- **WHAT TO WORK ON**
Whenever a line below holds the word "mechanical", copy that line.

- **DATA**
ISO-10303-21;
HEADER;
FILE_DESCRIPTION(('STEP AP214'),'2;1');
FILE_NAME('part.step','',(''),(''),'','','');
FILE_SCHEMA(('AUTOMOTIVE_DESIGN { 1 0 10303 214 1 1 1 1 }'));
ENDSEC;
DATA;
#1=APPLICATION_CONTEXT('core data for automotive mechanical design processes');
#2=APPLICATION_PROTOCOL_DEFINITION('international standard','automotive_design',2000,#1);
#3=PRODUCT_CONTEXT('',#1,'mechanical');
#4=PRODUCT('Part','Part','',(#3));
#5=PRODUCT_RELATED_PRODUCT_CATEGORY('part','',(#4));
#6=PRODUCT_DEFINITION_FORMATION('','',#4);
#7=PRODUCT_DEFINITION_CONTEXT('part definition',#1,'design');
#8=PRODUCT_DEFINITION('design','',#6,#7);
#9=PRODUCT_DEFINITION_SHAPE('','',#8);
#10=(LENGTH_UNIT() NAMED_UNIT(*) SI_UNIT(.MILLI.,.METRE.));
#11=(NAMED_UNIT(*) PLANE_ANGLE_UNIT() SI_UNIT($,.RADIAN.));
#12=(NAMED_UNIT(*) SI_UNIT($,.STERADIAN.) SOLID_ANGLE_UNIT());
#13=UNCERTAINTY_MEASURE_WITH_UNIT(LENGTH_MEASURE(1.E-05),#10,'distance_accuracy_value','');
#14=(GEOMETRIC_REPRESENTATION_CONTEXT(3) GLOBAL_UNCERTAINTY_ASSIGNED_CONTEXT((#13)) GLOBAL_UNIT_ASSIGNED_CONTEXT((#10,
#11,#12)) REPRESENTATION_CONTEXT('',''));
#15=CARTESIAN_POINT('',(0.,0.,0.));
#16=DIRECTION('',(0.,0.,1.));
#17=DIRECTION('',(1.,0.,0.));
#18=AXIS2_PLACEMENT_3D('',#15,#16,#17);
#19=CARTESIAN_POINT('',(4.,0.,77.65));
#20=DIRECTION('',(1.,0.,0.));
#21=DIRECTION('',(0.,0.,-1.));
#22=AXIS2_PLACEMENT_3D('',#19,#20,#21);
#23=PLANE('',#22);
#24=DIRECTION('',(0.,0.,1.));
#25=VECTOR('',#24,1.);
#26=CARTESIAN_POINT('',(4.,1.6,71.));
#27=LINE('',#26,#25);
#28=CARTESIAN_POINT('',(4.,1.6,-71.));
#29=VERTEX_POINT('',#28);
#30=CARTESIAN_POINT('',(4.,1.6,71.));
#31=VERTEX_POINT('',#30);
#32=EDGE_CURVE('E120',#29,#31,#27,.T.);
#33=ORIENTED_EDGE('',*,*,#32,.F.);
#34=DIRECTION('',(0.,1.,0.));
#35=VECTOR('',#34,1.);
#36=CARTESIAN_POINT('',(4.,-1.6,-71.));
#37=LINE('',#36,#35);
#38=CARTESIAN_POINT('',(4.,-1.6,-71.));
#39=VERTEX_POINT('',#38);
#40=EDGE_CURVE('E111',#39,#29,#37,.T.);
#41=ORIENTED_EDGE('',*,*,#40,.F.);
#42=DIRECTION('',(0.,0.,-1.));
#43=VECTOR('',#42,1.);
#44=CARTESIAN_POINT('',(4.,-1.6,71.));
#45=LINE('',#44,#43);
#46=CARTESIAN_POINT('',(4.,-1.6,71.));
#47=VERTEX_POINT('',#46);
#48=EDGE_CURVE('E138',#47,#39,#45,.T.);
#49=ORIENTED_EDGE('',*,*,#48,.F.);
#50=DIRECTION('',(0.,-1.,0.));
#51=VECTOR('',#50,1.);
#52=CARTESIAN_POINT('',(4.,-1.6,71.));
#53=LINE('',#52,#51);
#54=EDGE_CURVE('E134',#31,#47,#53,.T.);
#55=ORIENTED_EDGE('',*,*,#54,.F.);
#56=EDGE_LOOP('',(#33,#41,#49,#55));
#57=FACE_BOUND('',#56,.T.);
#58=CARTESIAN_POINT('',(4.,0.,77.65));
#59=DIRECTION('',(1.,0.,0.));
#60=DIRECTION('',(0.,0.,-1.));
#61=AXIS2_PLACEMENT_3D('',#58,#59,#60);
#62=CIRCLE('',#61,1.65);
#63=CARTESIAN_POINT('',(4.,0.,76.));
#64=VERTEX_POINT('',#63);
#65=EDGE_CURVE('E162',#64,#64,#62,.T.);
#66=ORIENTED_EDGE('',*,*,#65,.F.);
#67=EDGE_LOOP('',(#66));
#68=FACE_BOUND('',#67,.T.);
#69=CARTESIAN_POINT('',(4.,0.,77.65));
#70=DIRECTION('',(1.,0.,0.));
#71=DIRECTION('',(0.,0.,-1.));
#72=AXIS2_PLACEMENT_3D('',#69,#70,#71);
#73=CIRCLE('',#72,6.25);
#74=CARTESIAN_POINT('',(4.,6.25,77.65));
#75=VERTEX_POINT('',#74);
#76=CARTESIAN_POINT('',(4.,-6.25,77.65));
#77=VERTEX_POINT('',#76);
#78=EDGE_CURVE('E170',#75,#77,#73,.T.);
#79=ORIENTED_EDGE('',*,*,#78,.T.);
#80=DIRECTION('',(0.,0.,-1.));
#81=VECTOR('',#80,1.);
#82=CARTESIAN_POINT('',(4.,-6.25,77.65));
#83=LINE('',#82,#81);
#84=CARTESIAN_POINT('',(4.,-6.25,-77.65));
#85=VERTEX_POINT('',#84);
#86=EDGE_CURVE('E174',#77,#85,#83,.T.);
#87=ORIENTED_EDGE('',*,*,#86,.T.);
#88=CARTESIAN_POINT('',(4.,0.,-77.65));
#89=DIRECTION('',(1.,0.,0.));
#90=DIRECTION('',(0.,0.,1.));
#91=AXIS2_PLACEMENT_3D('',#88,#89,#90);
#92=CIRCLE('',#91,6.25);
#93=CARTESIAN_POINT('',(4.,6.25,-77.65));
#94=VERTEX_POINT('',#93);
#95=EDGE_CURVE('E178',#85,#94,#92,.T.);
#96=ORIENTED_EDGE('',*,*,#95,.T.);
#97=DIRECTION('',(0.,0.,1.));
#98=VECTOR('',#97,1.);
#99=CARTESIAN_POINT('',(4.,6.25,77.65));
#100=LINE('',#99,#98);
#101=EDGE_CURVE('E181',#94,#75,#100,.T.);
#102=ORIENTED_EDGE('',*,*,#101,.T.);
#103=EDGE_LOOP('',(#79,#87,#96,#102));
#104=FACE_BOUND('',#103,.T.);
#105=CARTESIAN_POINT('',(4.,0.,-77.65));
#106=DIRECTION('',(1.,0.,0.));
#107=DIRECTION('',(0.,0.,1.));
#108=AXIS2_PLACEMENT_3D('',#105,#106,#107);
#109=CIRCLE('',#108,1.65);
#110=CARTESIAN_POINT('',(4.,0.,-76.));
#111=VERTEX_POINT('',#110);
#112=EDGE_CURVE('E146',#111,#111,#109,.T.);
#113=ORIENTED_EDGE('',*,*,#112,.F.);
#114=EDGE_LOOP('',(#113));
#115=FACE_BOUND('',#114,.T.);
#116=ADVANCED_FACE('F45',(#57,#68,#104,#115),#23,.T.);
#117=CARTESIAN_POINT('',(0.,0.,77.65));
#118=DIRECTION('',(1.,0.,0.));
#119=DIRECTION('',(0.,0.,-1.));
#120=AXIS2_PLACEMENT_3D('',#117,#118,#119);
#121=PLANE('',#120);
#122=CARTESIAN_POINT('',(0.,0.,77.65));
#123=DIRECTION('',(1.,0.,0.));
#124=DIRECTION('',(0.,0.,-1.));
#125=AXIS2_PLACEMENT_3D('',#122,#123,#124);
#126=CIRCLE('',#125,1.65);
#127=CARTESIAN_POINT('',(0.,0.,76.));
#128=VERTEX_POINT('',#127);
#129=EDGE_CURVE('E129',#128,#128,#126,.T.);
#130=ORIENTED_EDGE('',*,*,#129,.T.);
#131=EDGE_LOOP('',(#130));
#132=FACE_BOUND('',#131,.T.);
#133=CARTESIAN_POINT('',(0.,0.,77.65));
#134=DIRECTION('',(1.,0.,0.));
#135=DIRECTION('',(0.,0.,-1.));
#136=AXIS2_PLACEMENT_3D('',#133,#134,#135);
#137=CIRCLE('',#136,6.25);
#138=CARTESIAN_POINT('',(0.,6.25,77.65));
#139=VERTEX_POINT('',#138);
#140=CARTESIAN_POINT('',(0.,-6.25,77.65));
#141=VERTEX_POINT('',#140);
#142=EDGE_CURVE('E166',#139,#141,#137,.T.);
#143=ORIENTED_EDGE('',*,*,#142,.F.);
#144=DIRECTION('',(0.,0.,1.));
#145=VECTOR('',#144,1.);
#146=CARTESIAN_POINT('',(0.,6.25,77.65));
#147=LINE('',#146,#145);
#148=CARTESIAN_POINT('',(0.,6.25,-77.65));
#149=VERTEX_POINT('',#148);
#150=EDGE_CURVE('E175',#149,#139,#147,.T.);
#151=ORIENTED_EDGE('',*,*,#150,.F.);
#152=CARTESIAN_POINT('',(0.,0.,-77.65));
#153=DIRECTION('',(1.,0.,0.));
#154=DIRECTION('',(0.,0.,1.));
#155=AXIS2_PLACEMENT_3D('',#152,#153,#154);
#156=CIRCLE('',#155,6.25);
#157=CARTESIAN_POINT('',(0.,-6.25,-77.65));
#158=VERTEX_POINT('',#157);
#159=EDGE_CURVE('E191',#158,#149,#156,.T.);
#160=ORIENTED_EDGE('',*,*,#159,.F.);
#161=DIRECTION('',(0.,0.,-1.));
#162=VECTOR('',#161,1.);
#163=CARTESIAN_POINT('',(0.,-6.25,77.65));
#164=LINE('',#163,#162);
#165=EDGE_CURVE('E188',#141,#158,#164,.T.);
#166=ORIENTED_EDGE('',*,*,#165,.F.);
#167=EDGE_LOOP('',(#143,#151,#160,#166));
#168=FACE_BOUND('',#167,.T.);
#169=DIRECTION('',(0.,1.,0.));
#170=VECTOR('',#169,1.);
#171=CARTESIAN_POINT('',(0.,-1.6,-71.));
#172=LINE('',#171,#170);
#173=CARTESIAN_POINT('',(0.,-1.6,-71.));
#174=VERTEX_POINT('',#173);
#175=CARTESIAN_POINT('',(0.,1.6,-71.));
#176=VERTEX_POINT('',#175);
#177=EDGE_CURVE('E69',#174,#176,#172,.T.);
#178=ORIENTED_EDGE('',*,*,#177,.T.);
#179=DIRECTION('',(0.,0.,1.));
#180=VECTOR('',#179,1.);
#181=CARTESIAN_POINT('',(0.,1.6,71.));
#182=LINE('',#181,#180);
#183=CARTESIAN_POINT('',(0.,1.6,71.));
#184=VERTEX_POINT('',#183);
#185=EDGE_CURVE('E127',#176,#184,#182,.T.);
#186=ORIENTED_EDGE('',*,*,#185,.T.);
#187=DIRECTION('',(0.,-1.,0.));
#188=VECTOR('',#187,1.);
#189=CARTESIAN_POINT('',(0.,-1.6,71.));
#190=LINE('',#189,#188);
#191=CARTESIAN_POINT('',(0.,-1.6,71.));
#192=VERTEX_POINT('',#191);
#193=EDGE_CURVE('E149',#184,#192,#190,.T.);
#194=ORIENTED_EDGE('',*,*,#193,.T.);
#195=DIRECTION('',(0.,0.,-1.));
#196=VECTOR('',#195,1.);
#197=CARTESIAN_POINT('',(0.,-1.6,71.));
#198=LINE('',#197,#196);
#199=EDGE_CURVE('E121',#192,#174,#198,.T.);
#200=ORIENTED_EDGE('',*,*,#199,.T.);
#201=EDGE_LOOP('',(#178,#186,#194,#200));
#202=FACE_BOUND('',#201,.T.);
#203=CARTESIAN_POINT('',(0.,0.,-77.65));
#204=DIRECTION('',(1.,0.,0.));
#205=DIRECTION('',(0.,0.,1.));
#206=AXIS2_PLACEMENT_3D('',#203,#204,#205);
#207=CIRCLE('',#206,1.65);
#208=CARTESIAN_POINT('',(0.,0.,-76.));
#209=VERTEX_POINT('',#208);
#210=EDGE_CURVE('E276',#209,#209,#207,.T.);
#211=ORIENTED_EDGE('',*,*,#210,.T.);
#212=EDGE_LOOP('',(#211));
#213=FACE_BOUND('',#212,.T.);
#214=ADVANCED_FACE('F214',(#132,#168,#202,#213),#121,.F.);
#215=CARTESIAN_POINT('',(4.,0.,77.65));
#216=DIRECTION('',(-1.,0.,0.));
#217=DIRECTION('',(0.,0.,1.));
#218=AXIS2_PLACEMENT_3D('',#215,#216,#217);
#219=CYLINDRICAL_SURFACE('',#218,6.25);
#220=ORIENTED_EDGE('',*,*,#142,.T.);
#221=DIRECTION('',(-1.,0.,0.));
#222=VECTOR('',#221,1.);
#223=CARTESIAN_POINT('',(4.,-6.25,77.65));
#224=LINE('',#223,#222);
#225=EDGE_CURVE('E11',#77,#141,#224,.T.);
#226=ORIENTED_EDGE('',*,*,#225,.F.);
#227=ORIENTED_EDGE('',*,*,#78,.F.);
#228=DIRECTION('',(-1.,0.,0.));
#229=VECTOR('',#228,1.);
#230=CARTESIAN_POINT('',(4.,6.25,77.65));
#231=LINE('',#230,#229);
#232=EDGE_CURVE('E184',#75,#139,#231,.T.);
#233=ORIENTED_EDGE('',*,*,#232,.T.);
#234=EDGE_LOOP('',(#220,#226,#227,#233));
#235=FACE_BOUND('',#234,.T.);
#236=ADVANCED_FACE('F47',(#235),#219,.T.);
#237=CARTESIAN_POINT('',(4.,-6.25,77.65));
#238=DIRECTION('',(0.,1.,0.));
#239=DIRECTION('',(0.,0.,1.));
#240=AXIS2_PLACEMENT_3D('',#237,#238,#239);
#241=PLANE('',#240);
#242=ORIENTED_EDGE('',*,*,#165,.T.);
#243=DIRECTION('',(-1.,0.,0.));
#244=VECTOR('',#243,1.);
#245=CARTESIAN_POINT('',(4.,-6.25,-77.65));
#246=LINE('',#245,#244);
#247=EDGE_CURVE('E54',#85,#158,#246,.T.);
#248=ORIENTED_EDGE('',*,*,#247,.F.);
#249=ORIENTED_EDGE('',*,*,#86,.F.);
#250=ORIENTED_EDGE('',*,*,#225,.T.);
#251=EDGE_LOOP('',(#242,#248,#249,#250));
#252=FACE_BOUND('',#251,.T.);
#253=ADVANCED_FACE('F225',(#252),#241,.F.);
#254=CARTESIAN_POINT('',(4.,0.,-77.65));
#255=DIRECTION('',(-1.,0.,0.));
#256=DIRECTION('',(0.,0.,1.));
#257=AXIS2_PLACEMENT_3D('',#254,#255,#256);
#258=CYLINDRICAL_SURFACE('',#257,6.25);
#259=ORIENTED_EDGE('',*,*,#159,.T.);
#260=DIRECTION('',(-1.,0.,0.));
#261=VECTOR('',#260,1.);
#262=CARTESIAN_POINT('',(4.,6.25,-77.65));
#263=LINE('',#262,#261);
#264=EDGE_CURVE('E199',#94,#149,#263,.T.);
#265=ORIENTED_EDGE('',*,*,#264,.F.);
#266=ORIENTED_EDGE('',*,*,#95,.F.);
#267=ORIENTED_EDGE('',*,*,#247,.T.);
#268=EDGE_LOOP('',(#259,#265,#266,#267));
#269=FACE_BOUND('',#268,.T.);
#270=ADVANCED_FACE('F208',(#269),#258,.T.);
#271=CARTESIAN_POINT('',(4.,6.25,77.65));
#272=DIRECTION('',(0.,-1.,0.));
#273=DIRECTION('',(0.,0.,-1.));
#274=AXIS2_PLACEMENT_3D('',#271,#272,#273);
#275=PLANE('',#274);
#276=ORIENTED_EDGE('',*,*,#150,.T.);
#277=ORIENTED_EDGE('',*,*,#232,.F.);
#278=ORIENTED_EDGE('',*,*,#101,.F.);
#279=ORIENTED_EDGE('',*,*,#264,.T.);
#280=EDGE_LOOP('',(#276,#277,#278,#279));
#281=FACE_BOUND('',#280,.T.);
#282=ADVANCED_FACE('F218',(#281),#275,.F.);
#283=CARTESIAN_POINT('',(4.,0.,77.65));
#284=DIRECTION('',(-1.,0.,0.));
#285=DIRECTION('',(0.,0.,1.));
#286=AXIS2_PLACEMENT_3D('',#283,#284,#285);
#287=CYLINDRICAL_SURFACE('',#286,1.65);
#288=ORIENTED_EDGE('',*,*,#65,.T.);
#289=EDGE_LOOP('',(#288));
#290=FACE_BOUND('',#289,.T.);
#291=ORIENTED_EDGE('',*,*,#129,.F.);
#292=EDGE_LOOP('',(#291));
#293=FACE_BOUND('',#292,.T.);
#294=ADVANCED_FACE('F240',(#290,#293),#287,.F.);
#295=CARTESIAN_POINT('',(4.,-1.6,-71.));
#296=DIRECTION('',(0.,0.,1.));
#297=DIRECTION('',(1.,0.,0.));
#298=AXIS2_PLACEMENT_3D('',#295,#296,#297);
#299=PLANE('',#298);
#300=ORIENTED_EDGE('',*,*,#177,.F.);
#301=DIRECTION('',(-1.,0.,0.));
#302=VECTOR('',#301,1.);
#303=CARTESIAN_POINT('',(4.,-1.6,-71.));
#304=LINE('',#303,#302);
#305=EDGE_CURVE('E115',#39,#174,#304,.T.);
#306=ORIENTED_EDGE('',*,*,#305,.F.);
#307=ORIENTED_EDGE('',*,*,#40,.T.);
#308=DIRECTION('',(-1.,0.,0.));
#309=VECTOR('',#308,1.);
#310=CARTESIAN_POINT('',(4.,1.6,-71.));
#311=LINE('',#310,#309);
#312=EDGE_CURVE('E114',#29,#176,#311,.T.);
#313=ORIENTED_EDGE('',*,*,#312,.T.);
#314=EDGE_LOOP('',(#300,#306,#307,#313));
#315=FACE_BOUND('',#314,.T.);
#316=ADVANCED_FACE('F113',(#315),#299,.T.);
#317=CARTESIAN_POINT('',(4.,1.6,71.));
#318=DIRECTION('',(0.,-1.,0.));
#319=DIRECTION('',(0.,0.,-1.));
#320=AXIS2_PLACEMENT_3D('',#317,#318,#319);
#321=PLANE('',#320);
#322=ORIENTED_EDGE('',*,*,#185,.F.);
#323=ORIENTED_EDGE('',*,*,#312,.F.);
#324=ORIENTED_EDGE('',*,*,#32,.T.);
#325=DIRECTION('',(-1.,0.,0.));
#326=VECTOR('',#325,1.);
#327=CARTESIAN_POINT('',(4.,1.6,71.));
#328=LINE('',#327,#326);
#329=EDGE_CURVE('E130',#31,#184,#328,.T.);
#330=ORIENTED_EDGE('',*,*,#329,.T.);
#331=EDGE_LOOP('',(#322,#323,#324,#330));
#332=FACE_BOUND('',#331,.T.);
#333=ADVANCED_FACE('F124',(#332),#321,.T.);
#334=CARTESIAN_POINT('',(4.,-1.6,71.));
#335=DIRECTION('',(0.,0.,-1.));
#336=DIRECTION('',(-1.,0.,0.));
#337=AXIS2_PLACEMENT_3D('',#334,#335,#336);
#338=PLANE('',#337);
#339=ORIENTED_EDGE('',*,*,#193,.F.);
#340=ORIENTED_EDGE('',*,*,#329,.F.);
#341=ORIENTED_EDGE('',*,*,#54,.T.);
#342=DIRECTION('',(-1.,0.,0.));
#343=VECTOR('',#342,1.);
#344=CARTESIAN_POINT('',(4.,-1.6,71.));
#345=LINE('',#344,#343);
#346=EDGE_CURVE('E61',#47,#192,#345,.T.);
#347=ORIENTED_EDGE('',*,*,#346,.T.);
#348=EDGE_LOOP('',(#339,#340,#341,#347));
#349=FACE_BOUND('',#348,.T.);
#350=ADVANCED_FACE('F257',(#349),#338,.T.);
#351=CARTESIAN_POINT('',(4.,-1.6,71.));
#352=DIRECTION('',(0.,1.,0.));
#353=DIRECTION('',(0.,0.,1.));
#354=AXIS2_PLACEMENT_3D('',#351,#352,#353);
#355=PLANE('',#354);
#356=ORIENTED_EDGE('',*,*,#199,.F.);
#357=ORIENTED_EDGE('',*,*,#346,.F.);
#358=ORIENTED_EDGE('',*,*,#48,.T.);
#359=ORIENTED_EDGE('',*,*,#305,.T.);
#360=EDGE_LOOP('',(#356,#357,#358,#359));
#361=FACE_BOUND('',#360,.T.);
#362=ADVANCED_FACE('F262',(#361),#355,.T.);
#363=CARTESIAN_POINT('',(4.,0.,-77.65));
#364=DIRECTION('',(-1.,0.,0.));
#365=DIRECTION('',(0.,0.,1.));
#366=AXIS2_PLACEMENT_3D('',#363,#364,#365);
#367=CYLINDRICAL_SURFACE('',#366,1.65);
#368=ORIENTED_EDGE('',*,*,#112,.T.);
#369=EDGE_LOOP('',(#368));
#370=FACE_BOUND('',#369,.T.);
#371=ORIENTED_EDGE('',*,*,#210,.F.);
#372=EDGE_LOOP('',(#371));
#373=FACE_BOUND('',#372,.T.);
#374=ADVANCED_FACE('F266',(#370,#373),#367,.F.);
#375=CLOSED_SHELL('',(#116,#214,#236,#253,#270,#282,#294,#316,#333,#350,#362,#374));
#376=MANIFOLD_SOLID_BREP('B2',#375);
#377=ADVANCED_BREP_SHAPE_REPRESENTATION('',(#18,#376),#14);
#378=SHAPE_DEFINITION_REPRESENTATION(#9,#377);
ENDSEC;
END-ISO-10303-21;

- **WRITTEN RESPONSE**
#1=APPLICATION_CONTEXT('core data for automotive mechanical design processes');
#3=PRODUCT_CONTEXT('',#1,'mechanical');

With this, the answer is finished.